::: SUPPLIED INFORMATION :::
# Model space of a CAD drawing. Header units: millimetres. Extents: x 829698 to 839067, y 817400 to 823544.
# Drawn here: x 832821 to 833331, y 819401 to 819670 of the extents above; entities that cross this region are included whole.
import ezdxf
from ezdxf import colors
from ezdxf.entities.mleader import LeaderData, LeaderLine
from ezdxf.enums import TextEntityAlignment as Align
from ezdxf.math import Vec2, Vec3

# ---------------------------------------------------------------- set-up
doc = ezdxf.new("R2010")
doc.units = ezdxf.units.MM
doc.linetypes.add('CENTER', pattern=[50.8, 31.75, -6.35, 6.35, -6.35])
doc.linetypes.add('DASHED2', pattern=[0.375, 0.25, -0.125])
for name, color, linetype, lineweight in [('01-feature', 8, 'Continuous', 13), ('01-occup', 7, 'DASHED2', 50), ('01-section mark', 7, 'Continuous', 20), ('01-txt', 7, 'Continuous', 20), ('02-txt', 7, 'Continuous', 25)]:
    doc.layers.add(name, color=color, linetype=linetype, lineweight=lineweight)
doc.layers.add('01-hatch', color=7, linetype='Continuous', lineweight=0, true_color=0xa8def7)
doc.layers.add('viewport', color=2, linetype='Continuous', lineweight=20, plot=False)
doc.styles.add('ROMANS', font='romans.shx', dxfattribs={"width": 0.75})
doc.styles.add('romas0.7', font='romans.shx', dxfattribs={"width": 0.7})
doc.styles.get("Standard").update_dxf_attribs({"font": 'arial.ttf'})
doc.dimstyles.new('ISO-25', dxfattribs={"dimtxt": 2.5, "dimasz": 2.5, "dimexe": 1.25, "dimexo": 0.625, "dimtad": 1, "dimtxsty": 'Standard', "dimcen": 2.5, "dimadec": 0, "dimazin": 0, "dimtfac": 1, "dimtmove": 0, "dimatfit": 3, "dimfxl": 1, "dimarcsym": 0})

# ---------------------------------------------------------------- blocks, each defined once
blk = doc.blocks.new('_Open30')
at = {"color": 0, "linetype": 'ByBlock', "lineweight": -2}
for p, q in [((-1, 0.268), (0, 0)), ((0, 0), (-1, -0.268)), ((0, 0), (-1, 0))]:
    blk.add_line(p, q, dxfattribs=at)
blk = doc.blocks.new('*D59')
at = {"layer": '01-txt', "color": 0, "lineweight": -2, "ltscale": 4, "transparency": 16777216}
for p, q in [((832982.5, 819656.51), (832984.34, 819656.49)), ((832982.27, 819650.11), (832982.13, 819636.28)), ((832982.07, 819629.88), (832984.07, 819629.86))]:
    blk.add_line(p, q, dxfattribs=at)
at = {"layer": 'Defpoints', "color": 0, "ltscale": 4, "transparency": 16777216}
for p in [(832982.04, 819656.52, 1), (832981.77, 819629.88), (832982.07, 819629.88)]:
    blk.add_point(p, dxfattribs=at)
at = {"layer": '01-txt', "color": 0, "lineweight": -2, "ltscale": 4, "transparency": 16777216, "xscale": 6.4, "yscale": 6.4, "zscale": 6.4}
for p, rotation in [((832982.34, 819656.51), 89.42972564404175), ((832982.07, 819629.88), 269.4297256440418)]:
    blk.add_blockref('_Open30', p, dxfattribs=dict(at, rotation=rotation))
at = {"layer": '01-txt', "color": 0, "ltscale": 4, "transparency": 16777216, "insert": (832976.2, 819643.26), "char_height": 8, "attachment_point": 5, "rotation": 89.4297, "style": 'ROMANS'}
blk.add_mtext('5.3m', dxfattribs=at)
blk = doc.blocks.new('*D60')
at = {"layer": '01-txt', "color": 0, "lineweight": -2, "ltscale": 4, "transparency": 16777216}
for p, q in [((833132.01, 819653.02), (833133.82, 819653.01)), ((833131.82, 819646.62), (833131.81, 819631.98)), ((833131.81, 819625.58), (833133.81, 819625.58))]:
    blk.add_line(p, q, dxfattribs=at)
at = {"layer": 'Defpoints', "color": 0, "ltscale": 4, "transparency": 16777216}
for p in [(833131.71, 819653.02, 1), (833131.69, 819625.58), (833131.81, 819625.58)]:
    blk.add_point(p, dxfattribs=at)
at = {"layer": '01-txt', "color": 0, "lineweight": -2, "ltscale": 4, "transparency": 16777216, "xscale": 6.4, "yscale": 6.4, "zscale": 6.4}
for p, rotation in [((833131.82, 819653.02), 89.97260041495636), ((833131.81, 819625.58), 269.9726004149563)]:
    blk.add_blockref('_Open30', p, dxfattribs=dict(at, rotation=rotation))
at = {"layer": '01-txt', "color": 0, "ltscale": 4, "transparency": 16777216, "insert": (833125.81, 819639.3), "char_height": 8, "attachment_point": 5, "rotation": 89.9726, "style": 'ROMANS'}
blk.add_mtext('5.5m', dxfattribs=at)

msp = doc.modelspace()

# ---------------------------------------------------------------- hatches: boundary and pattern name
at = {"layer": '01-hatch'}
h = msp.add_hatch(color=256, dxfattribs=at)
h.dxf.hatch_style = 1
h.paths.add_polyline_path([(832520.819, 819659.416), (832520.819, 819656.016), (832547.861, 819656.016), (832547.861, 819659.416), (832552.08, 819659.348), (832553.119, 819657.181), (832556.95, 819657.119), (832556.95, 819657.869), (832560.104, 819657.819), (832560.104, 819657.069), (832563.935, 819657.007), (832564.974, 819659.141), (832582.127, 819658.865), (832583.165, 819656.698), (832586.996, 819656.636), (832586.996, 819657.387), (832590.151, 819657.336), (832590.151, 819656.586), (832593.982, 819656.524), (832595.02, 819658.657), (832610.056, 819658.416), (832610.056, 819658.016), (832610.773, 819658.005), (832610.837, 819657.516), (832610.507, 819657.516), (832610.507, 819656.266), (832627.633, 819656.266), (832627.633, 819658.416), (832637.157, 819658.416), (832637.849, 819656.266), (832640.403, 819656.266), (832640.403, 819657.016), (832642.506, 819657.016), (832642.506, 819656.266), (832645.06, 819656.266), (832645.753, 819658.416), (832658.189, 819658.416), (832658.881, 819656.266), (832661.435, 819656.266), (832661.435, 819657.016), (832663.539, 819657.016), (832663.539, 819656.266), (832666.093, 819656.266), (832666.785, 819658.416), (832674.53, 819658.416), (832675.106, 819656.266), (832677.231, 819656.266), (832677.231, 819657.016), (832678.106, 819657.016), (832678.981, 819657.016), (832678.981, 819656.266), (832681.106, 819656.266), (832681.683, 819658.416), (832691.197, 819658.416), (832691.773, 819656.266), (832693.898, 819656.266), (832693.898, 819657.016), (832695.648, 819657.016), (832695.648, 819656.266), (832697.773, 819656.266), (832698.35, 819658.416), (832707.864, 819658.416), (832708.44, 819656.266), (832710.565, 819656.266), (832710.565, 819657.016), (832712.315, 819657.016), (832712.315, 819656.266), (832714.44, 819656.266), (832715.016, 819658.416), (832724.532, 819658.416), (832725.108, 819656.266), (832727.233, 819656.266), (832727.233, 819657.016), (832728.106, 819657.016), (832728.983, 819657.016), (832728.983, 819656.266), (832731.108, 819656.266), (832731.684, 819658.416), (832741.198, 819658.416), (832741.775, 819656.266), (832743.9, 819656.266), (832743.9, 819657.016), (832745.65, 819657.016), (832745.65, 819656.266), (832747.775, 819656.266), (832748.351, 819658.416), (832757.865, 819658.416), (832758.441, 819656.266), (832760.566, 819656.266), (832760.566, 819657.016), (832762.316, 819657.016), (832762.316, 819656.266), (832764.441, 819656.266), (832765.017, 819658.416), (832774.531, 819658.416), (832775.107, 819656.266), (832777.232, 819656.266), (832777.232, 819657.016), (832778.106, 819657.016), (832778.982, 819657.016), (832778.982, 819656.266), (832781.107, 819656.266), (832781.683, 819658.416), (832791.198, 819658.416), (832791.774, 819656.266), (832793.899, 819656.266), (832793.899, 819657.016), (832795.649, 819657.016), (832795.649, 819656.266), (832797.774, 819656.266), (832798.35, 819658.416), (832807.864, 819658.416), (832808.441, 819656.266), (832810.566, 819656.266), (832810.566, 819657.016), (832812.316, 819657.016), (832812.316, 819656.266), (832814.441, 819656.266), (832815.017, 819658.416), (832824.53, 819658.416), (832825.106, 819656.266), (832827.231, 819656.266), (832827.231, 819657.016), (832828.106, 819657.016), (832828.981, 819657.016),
:::
● **PROBLEM TO SOLVE**: The expected output is every line of the records in which the string "blocks" appears.

● **THE ANSWER**:
# ---------------------------------------------------------------- blocks, each defined once
blk = doc.blocks.new('_Open30')
blk = doc.blocks.new('*D59')
blk = doc.blocks.new('*D60')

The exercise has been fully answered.